RECORDED INFORMATION:
-=-=-
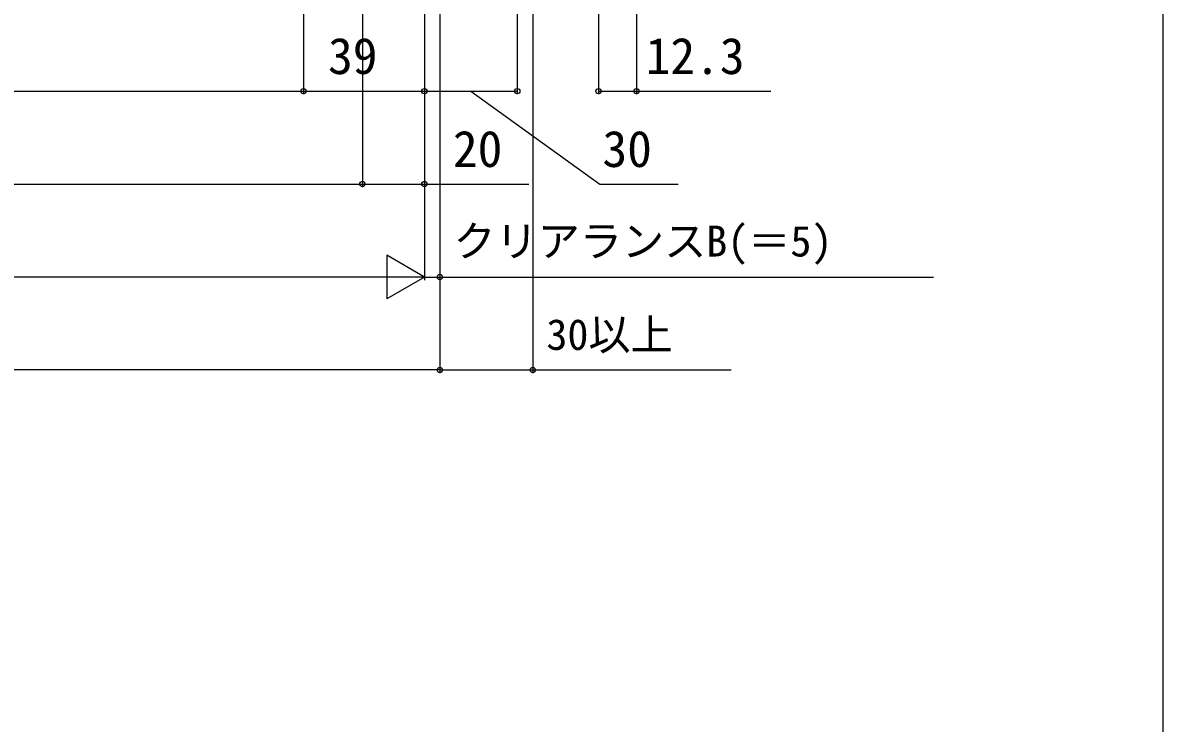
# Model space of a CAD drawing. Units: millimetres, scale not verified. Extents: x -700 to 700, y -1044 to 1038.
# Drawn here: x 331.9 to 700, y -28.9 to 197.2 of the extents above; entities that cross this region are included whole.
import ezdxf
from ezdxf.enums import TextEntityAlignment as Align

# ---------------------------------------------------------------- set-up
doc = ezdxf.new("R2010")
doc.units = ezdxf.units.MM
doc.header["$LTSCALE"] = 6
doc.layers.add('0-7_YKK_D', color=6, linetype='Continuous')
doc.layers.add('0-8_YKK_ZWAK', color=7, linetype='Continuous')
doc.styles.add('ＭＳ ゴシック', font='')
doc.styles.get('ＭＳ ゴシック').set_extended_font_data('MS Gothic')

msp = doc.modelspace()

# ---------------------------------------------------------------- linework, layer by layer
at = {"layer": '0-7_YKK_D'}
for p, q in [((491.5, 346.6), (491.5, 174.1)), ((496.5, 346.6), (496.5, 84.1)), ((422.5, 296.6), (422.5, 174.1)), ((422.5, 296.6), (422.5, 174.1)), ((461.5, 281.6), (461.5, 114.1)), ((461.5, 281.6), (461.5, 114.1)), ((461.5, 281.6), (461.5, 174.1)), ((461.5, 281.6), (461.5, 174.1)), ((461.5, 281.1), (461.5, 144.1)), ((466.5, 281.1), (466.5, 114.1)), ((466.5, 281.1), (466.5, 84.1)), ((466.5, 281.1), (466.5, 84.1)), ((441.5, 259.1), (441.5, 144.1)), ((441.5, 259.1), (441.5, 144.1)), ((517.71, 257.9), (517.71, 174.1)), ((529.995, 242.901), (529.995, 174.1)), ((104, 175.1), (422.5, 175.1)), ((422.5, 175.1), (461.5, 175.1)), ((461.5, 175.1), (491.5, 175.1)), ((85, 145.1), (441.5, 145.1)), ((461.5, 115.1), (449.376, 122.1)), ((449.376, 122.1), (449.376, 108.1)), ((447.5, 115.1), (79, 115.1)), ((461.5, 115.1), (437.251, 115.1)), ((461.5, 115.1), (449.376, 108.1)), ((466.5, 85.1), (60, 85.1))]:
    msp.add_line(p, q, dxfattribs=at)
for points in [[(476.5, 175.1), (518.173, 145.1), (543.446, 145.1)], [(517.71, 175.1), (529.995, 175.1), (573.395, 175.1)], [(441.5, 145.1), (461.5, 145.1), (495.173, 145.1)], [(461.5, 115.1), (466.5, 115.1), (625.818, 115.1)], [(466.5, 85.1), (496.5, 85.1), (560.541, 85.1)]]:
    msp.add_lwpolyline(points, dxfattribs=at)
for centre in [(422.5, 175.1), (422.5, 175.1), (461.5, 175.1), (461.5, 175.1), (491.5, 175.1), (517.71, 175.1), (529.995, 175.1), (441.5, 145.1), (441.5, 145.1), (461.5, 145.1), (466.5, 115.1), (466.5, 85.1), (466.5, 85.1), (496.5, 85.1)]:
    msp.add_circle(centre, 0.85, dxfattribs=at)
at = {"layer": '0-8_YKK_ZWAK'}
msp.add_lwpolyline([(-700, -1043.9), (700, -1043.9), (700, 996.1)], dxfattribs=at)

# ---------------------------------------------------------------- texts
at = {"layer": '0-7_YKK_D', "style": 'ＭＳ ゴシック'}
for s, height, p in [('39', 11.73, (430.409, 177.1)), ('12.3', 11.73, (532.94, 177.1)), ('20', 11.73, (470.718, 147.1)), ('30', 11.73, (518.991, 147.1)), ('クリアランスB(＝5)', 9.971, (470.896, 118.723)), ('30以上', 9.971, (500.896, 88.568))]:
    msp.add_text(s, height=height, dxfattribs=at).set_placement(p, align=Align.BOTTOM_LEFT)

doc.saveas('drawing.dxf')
-=-=-
Every line of the material must be reproduced verbatim; the pictures are to be omitted.

# Model space of a CAD drawing. Units: millimetres, scale not verified. Extents: x -700 to 700, y -1044 to 1038.
# Drawn here: x 331.9 to 700, y -28.9 to 197.2 of the extents above; entities that cross this region are included whole.
import ezdxf
from ezdxf.enums import TextEntityAlignment as Align

# ---------------------------------------------------------------- set-up
doc = ezdxf.new("R2010")
doc.units = ezdxf.units.MM
doc.header["$LTSCALE"] = 6
doc.layers.add('0-7_YKK_D', color=6, linetype='Continuous')
doc.layers.add('0-8_YKK_ZWAK', color=7, linetype='Continuous')
doc.styles.add('ＭＳ ゴシック', font='')
doc.styles.get('ＭＳ ゴシック').set_extended_font_data('MS Gothic')

msp = doc.modelspace()

# ---------------------------------------------------------------- linework, layer by layer
at = {"layer": '0-7_YKK_D'}
for p, q in [((491.5, 346.6), (491.5, 174.1)), ((496.5, 346.6), (496.5, 84.1)), ((422.5, 296.6), (422.5, 174.1)), ((422.5, 296.6), (422.5, 174.1)), ((461.5, 281.6), (461.5, 114.1)), ((461.5, 281.6), (461.5, 114.1)), ((461.5, 281.6), (461.5, 174.1)), ((461.5, 281.6), (461.5, 174.1)), ((461.5, 281.1), (461.5, 144.1)), ((466.5, 281.1), (466.5, 114.1)), ((466.5, 281.1), (466.5, 84.1)), ((466.5, 281.1), (466.5, 84.1)), ((441.5, 259.1), (441.5, 144.1)), ((441.5, 259.1), (441.5, 144.1)), ((517.71, 257.9), (517.71, 174.1)), ((529.995, 242.901), (529.995, 174.1)), ((104, 175.1), (422.5, 175.1)), ((422.5, 175.1), (461.5, 175.1)), ((461.5, 175.1), (491.5, 175.1)), ((85, 145.1), (441.5, 145.1)), ((461.5, 115.1), (449.376, 122.1)), ((449.376, 122.1), (449.376, 108.1)), ((447.5, 115.1), (79, 115.1)), ((461.5, 115.1), (437.251, 115.1)), ((461.5, 115.1), (449.376, 108.1)), ((466.5, 85.1), (60, 85.1))]:
    msp.add_line(p, q, dxfattribs=at)
for points in [[(476.5, 175.1), (518.173, 145.1), (543.446, 145.1)], [(517.71, 175.1), (529.995, 175.1), (573.395, 175.1)], [(441.5, 145.1), (461.5, 145.1), (495.173, 145.1)], [(461.5, 115.1), (466.5, 115.1), (625.818, 115.1)], [(466.5, 85.1), (496.5, 85.1), (560.541, 85.1)]]:
    msp.add_lwpolyline(points, dxfattribs=at)
for centre in [(422.5, 175.1), (422.5, 175.1), (461.5, 175.1), (461.5, 175.1), (491.5, 175.1), (517.71, 175.1), (529.995, 175.1), (441.5, 145.1), (441.5, 145.1), (461.5, 145.1), (466.5, 115.1), (466.5, 85.1), (466.5, 85.1), (496.5, 85.1)]:
    msp.add_circle(centre, 0.85, dxfattribs=at)
at = {"layer": '0-8_YKK_ZWAK'}
msp.add_lwpolyline([(-700, -1043.9), (700, -1043.9), (700, 996.1)], dxfattribs=at)

# ---------------------------------------------------------------- texts
at = {"layer": '0-7_YKK_D', "style": 'ＭＳ ゴシック'}
for s, height, p in [('39', 11.73, (430.409, 177.1)), ('12.3', 11.73, (532.94, 177.1)), ('20', 11.73, (470.718, 147.1)), ('30', 11.73, (518.991, 147.1)), ('クリアランスB(＝5)', 9.971, (470.896, 118.723)), ('30以上', 9.971, (500.896, 88.568))]:
    msp.add_text(s, height=height, dxfattribs=at).set_placement(p, align=Align.BOTTOM_LEFT)

doc.saveas('drawing.dxf')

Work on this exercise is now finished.